Laten we ons realiseren dat we allemaal ’n keer sterven en dat de meesten onder ons ’n keer - of meerdere keren of chronisch - in hun leven door ziekte overvallen worden. Het gaat er dan niet om te zoeken naar wie de schuld hierin heeft, maar ‘hoe ga ik om met wat mij overkomt’. Wat is mijn geestelijk persoonsgebonden budget. Over het financiële pgb staat de krant vol en staatsecretaris Van Rijn heeft het moeilijk. Over het geestelijk persoonsgebonden budget hoor ik nergens spreken. Daar zijn wij echter nu wel mee bezig in deze viering! Wij zijn bezig in deze viering met onze geestelijke weerbaarheid. Wij worden bij de hand genomen zoals Jezus de schoonmoeder van Petrus bij de hand neemt en haar opricht. Ieder van ons valt wel eens. Ik hoop en bid dat ieder van ons ook de hand wordt gereikt om weer op te staan.
Waartoe? Dat is een tweede vraag. Want ik kom mensen tegen die uit de shit gehaald zijn en dan verder gaan met hun oude leven. Veel verandert er niet tot de volgende struikelpartij. En dan begint het hele proces opnieuw. Ik hoop en bid dat wanneer mensen de hand wordt gereikt, ze hun leven ook anders inrichten. De schoonmoeder van Petrus gaat onmiddellijk de anderen bedienen. Nu lijkt het hier of deze vrouw (en vaak zijn het vrouwen) tot haar recht komt als ze kan zorgen. Er staat evenwel in de oorspronkelijke tekst het woordje ‘diakonie’. Diakonie heeft in onze parochies een bijzondere betekenis. Onze Hulpdienst Lichtpunt is onze diakonale hand die wij mensen reiken. We helpen opdat mensen op hun eigen benen kunnen gaan staan. We helpen niet onbegrensd, maar met het oog op dat anderen zelfstandig worden en niet verslaafd raken aan de hulp die hen geboden wordt. En we willen ook instaan voor hun geestelijke pgb. Alleen al door het feit dat we mensen helpen vanuit de parochiegemeenschap, dus als gelovige mensen, verwijzen wij door naar Gods hulp die mensenhanden nodig heeft om zijn aanwezigheid helder te maken. Jezus neemt de schoonmoeder van Petrus bij de hand en richt haar op. Wij mogen dat bij mensen van vandaag doen.
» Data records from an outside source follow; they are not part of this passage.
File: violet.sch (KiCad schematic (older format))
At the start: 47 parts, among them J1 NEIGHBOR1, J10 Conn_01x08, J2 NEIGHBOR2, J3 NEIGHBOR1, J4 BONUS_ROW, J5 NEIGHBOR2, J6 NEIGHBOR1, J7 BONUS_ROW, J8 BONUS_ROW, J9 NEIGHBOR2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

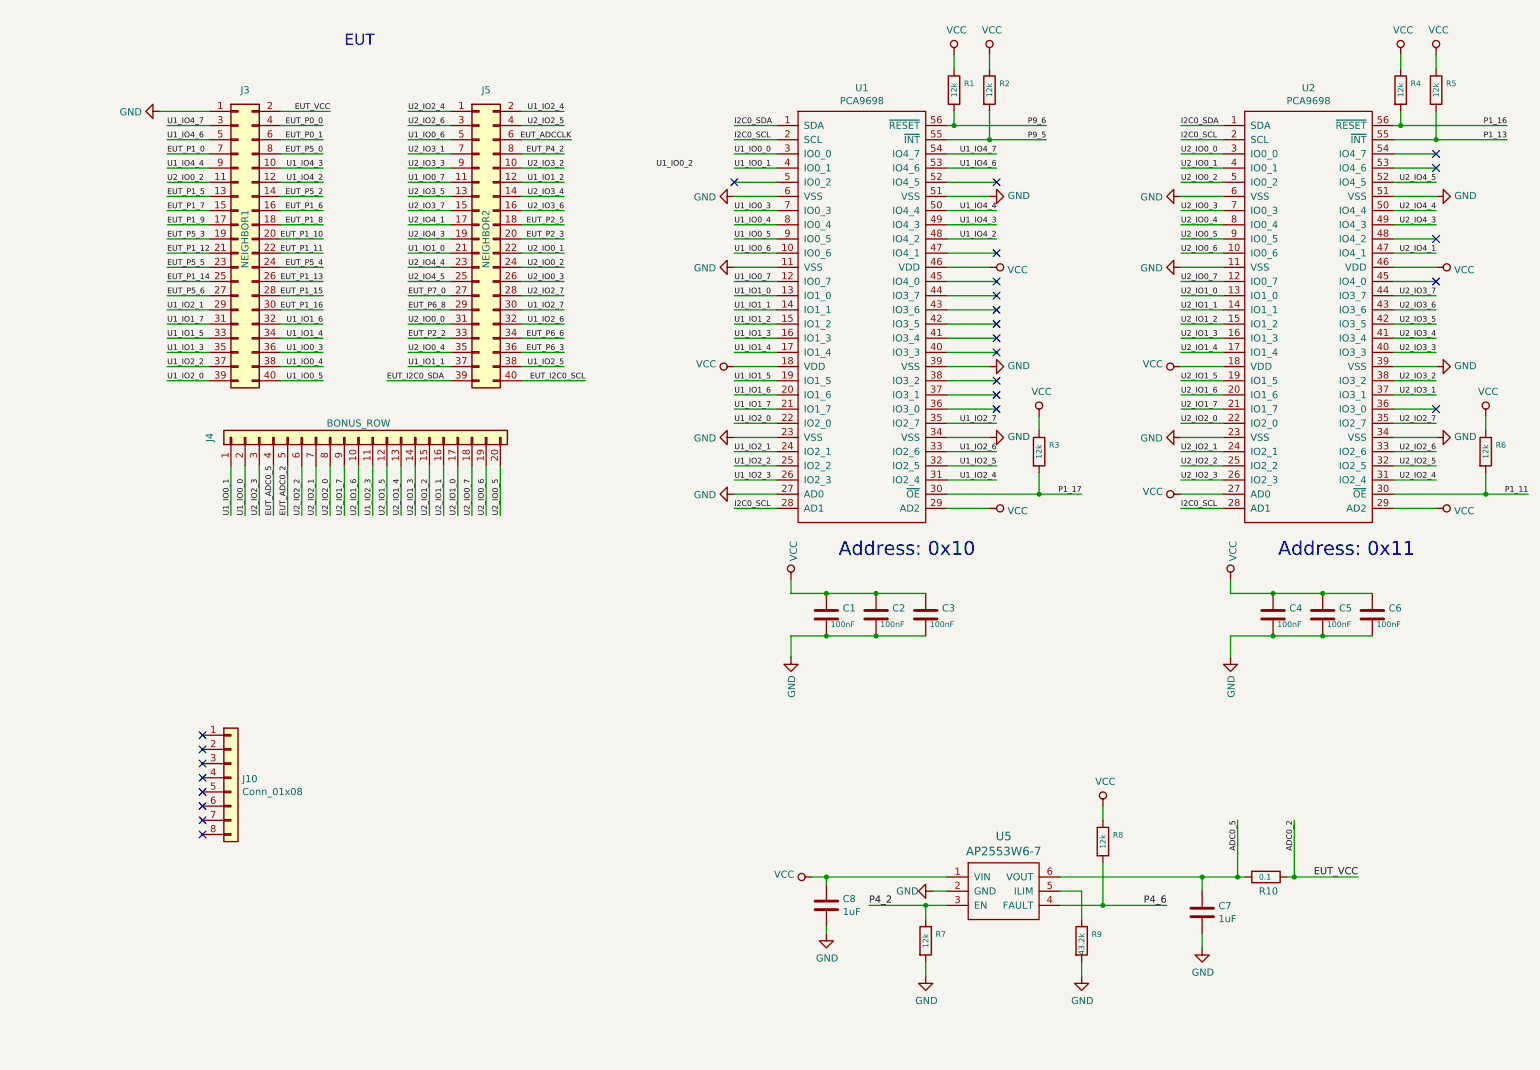
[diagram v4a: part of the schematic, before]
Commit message: Re-map I/O expanders for easier routing
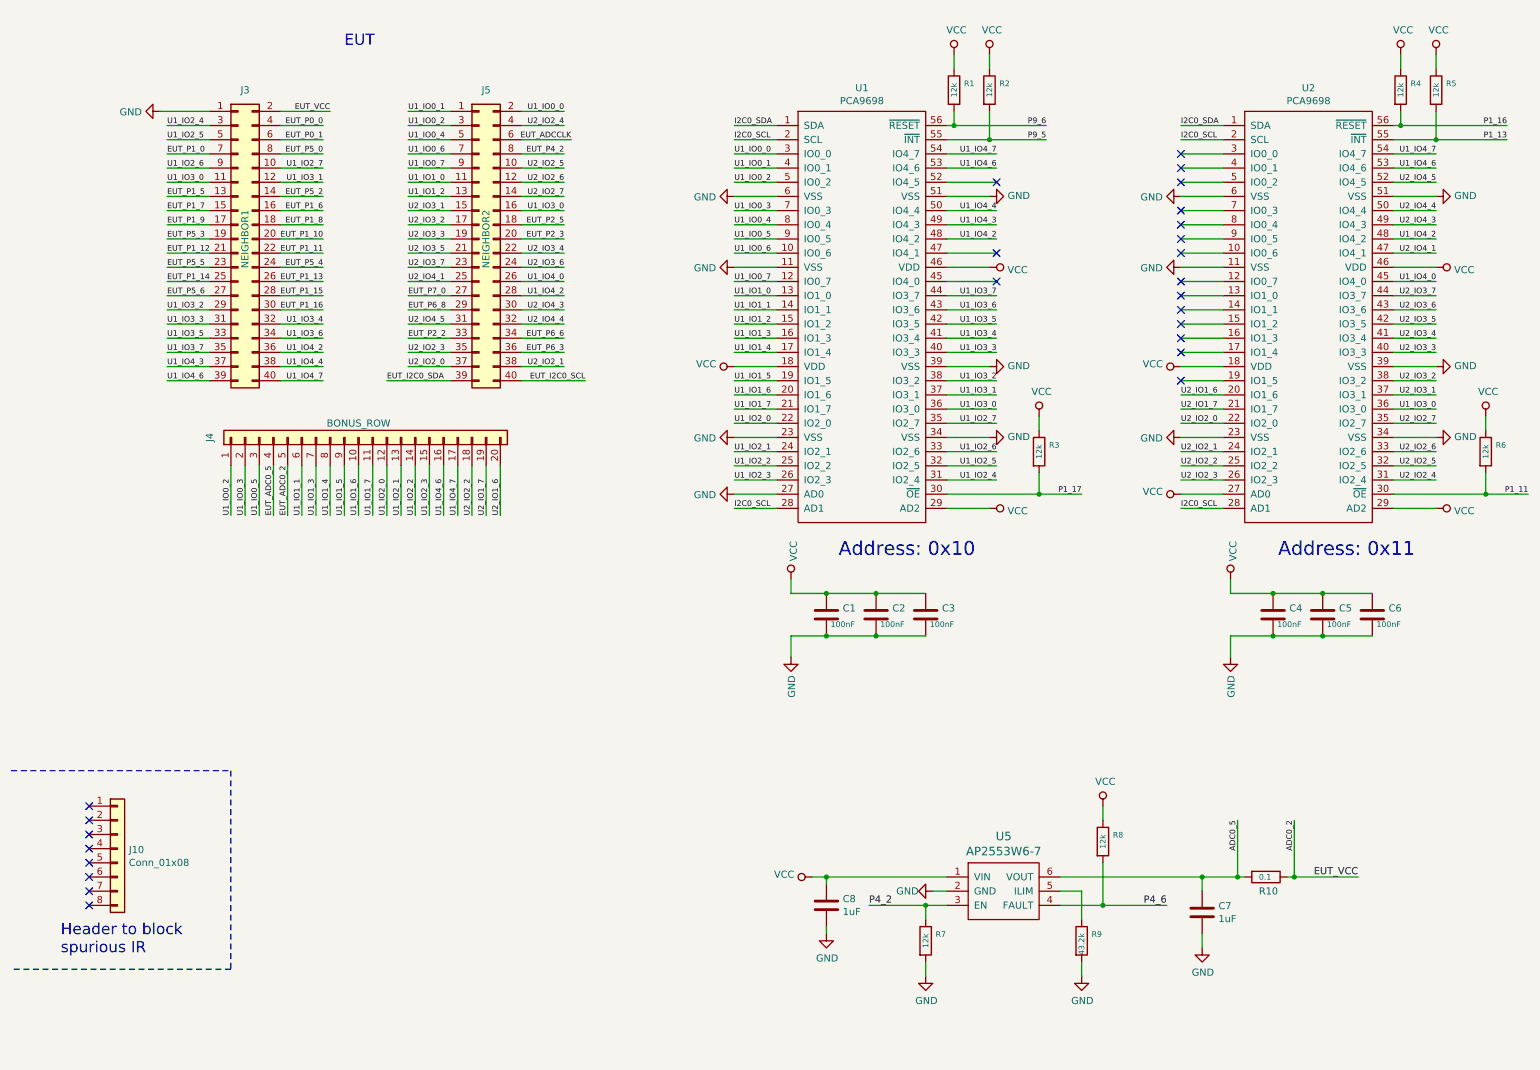
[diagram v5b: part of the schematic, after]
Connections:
- net U1_IO0_0: now also J5.2 (Pin_2); no longer J4.2 (Pin_2)
- net U1_IO0_1: now also J5.1 (Pin_1); no longer J4.1 (Pin_1)
- net U1_IO0_2: now also J4.1 (Pin_1), J5.3 (Pin_3), U1.5 (IO0_2)
- net U1_IO0_3: now also J4.2 (Pin_2); no longer J3.36 (Pin_36)
- net U1_IO0_4: now also J5.5 (Pin_5); no longer J3.38 (Pin_38)
- net U1_IO0_5: now also J4.3 (Pin_3); no longer J3.40 (Pin_40)
- net U1_IO0_6: now also J5.7 (Pin_7); no longer J5.5 (Pin_5)
- net U1_IO0_7: now also J5.9 (Pin_9); no longer J5.11 (Pin_11)
- net U1_IO1_0: now also J5.11 (Pin_11); no longer J5.21 (Pin_21)
- net U1_IO1_1: now also J4.6 (Pin_6); no longer J5.37 (Pin_37)
- net U1_IO1_2: now also J5.13 (Pin_13); no longer J5.12 (Pin_12)
- net U1_IO1_3: now also J4.7 (Pin_7); no longer J3.35 (Pin_35)
- net U1_IO1_4: now also J4.8 (Pin_8); no longer J3.34 (Pin_34)
- net U1_IO1_5: now also J4.9 (Pin_9); no longer J3.33 (Pin_33)
- net U1_IO1_6: now also J4.10 (Pin_10); no longer J3.32 (Pin_32)
- net U1_IO1_7: now also J4.11 (Pin_11); no longer J3.31 (Pin_31)
- net U1_IO2_0: now also J4.12 (Pin_12); no longer J3.39 (Pin_39)
- net U1_IO2_1: now also J4.13 (Pin_13); no longer J3.29 (Pin_29)
- net U1_IO2_2: now also J4.14 (Pin_14); no longer J3.37 (Pin_37)
- net U1_IO2_3: now also J4.15 (Pin_15); no longer J4.11 (Pin_11)
- net U1_IO2_4: now also J3.3 (Pin_3); no longer J5.2 (Pin_2)
- net U1_IO2_5: now also J3.5 (Pin_5); no longer J5.38 (Pin_38)
- net U1_IO2_6: now also J3.9 (Pin_9); no longer J5.32 (Pin_32)
- net U1_IO2_7: now also J3.10 (Pin_10); no longer J5.30 (Pin_30)
- net U1_IO4_2: now also J3.36 (Pin_36), J5.28 (Pin_28), U2.48 (IO4_2); no longer J3.12 (Pin_12)
- net U1_IO4_3: now also J3.37 (Pin_37); no longer J3.10 (Pin_10)
- net U1_IO4_4: now also J3.38 (Pin_38); no longer J3.9 (Pin_9)
- net U1_IO4_6: now also J3.39 (Pin_39), J4.16 (Pin_16), U2.53 (IO4_6); no longer J3.5 (Pin_5)
- net U1_IO4_7: now also J3.40 (Pin_40), J4.17 (Pin_17), U2.54 (IO4_7); no longer J3.3 (Pin_3)
- net U2_IO1_6: now also J4.20 (Pin_20); no longer J4.10 (Pin_10)
- net U2_IO1_7: now also J4.19 (Pin_19); no longer J4.9 (Pin_9)
- net U2_IO2_0: now also J5.37 (Pin_37); no longer J4.8 (Pin_8)
- net U2_IO2_1: now also J5.38 (Pin_38); no longer J4.7 (Pin_7)
- net U2_IO2_2: now also J4.18 (Pin_18); no longer J4.6 (Pin_6)
- net U2_IO2_3: now also J5.35 (Pin_35); no longer J4.3 (Pin_3)
- net U2_IO2_4: now also J5.4 (Pin_4); no longer J5.1 (Pin_1)
- net U2_IO2_5: now also J5.10 (Pin_10); no longer J5.4 (Pin_4)
- net U2_IO2_6: now also J5.12 (Pin_12); no longer J5.3 (Pin_3)
- net U2_IO2_7: now also J5.14 (Pin_14); no longer J5.28 (Pin_28)
- net U2_IO3_1: now also J5.15 (Pin_15); no longer J5.7 (Pin_7)
- net U2_IO3_2: now also J5.17 (Pin_17); no longer J5.10 (Pin_10)
- net U2_IO3_3: now also J5.19 (Pin_19); no longer J5.9 (Pin_9)
- net U2_IO3_4: now also J5.22 (Pin_22); no longer J5.14 (Pin_14)
- net U2_IO3_5: now also J5.21 (Pin_21); no longer J5.13 (Pin_13)
- net U2_IO3_6: now also J5.24 (Pin_24); no longer J5.16 (Pin_16)
- net U2_IO3_7: now also J5.23 (Pin_23); no longer J5.15 (Pin_15)
- net U2_IO4_1: now also J5.25 (Pin_25); no longer J5.17 (Pin_17)
- net U2_IO4_3: now also J5.30 (Pin_30); no longer J5.19 (Pin_19)
- net U2_IO4_4: now also J5.32 (Pin_32); no longer J5.23 (Pin_23)
- net U2_IO4_5: now also J5.31 (Pin_31); no longer J5.25 (Pin_25)
- net U1_IO3_0: now reaches U1.36 (IO3_0)
- net U1_IO3_0: now also J3.11 (Pin_11), J5.16 (Pin_16), U2.36 (IO3_0)
- net U1_IO3_1: now reaches U1.37 (IO3_1)
- net U1_IO3_1: now also J3.12 (Pin_12)
- net U1_IO3_2: now reaches U1.38 (IO3_2)
- net U1_IO3_2: now also J3.29 (Pin_29)
- net U1_IO3_3: now reaches U1.40 (IO3_3)
- net U1_IO3_3: now also J3.31 (Pin_31)
- net U1_IO3_4: now reaches U1.41 (IO3_4)
- net U1_IO3_4: now also J3.32 (Pin_32)
- net U1_IO3_5: now reaches U1.42 (IO3_5)
- net U1_IO3_5: now also J3.33 (Pin_33)
- net U1_IO3_6: now reaches U1.43 (IO3_6)
- net U1_IO3_6: now also J3.34 (Pin_34)
- net U1_IO3_7: now reaches U1.44 (IO3_7)
- net U1_IO3_7: now also J3.35 (Pin_35)
- net U1_IO4_0: now reaches U2.45 (IO4_0)
- net U1_IO4_0: now also J5.26 (Pin_26)
- net U2_IO0_0: no longer names the net of U2.3 (IO0_0)
- net U2_IO0_0: no longer J5.31 (Pin_31)
- net U2_IO0_1: no longer names the net of U2.4 (IO0_1)
- net U2_IO0_1: no longer J5.22 (Pin_22)
- removed net U2_IO0_2: J3.11 (Pin_11), J5.24 (Pin_24), U2.5 (IO0_2)
- net U2_IO0_3: no longer names the net of U2.7 (IO0_3)
- net U2_IO0_3: no longer J5.26 (Pin_26)
- net U2_IO0_4: no longer names the net of U2.8 (IO0_4)
- net U2_IO0_4: no longer J5.35 (Pin_35)
- net U2_IO0_5: no longer names the net of U2.9 (IO0_5)
- net U2_IO0_5: no longer J4.20 (Pin_20)
- net U2_IO0_6: no longer names the net of U2.10 (IO0_6)
- net U2_IO0_6: no longer J4.19 (Pin_19)
- net U2_IO0_7: no longer names the net of U2.12 (IO0_7)
- net U2_IO0_7: no longer J4.18 (Pin_18)
- net U2_IO1_0: no longer names the net of U2.13 (IO1_0)
- net U2_IO1_0: no longer J4.17 (Pin_17)
- net U2_IO1_1: no longer names the net of U2.14 (IO1_1)
- net U2_IO1_1: no longer J4.16 (Pin_16)
- net U2_IO1_2: no longer names the net of U2.15 (IO1_2)
- net U2_IO1_2: no longer J4.15 (Pin_15)
- net U2_IO1_3: no longer names the net of U2.16 (IO1_3)
- net U2_IO1_3: no longer J4.14 (Pin_14)
- net U2_IO1_4: no longer names the net of U2.17 (IO1_4)
- net U2_IO1_4: no longer J4.13 (Pin_13)
- net U2_IO1_5: no longer names the net of U2.19 (IO1_5)
- net U2_IO1_5: no longer J4.12 (Pin_12)
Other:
- note added: "Header to block\nspurious IR"
- moved on the sheet: J10

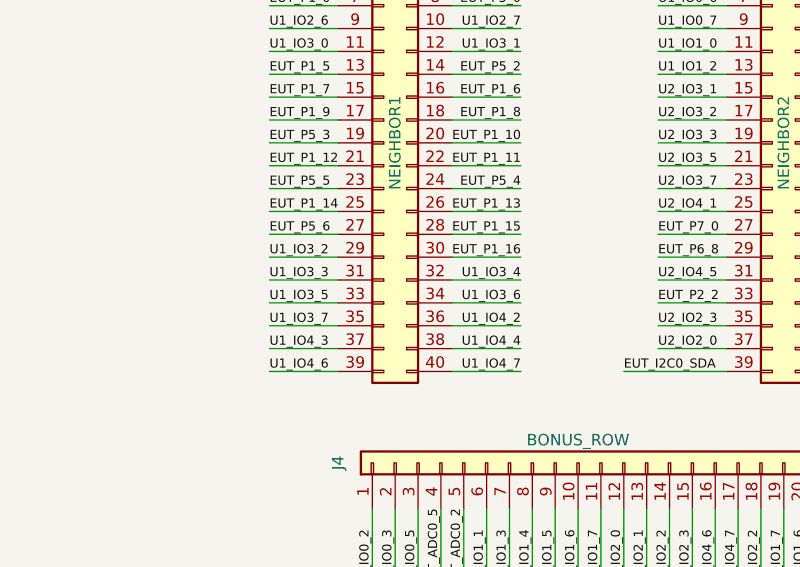
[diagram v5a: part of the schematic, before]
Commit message: Route most of U1
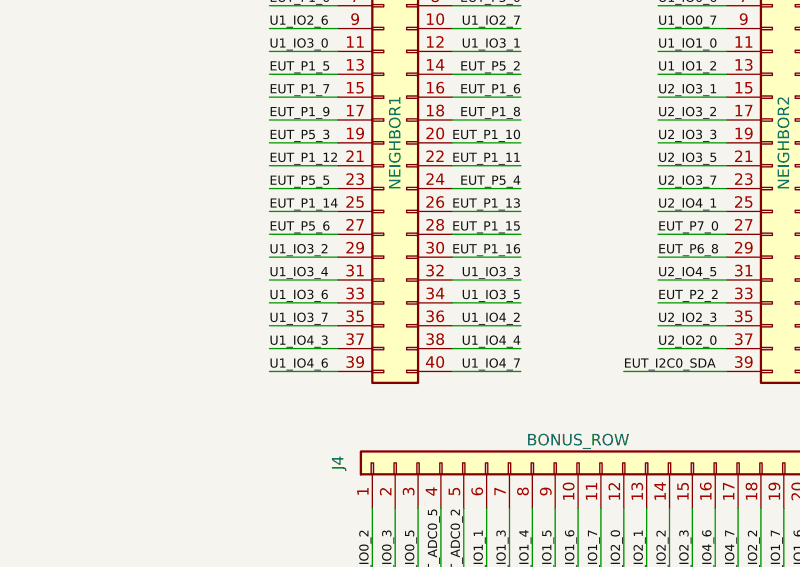
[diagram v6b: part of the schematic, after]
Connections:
- net U1_IO3_3: now also J3.32 (Pin_32); no longer J3.31 (Pin_31)
- net U1_IO3_4: now also J3.31 (Pin_31); no longer J3.32 (Pin_32)
- net U1_IO3_5: now also J3.34 (Pin_34); no longer J3.33 (Pin_33)
- net U1_IO3_6: now also J3.33 (Pin_33); no longer J3.34 (Pin_34)
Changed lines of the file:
@@
 Text Label 7450 3150 2    40   ~ 0
 U1_IO3_3
-Text Label 1600 2950 0    40   ~ 0
+Text Label 2700 2950 2    40   ~ 0
 U1_IO3_3
 Text Label 7450 3050 2    40   ~ 0
 U1_IO3_4
-Text Label 2700 2950 2    40   ~ 0
+Text Label 1600 2950 0    40   ~ 0
 U1_IO3_4
 Text Label 7450 2950 2    40   ~ 0
 U1_IO3_5
-Text Label 1600 3050 0    40   ~ 0
+Text Label 2700 3050 2    40   ~ 0
 U1_IO3_5
 Text Label 7450 2850 2    40   ~ 0
 U1_IO3_6
-Text Label 2700 3050 2    40   ~ 0
+Text Label 1600 3050 0    40   ~ 0
 U1_IO3_6
 Text Label 7450 2750 2    40   ~ 0

Van waaruit putten wij onze kracht? Kracht om steeds maar door te gaan en niet te versagen? Jezus gaat eerst wat bidden, ’s nachts. Wat gebeurt er als je bidt? Wat gebeurt er in je hart als je stil wordt in Gods aanwezigheid, misschien wel zonder woorden? Dat is het geheim van een ieder. We weten van die Jezus alleen dat Hij het Onze Vader aan zijn vrienden heeft geleerd en dat Hij op het kruis gevraagd heeft: ‘God, mijn God, waarom hebt Gij mij verlaten?’ Zelfs in de diepste ellende blijft Hij God aanspreken en blijft Hij met Hem verbonden. Zo’n voorbeeld behoort ook tot ons geestelijke persoonsgebonden budget. We moeten er wel aan blijven werken om weerbaar te blijven bij ziekte en gezondheid, bij voor- en tegenspoed. Bij alles wat er onder ons gebeurt, kunnen wij innerlijk gesterkte mensen zijn. Geestelijk sterk en met vertrouwen. Geestelijk sterk om ook weer anderen de hand te reiken.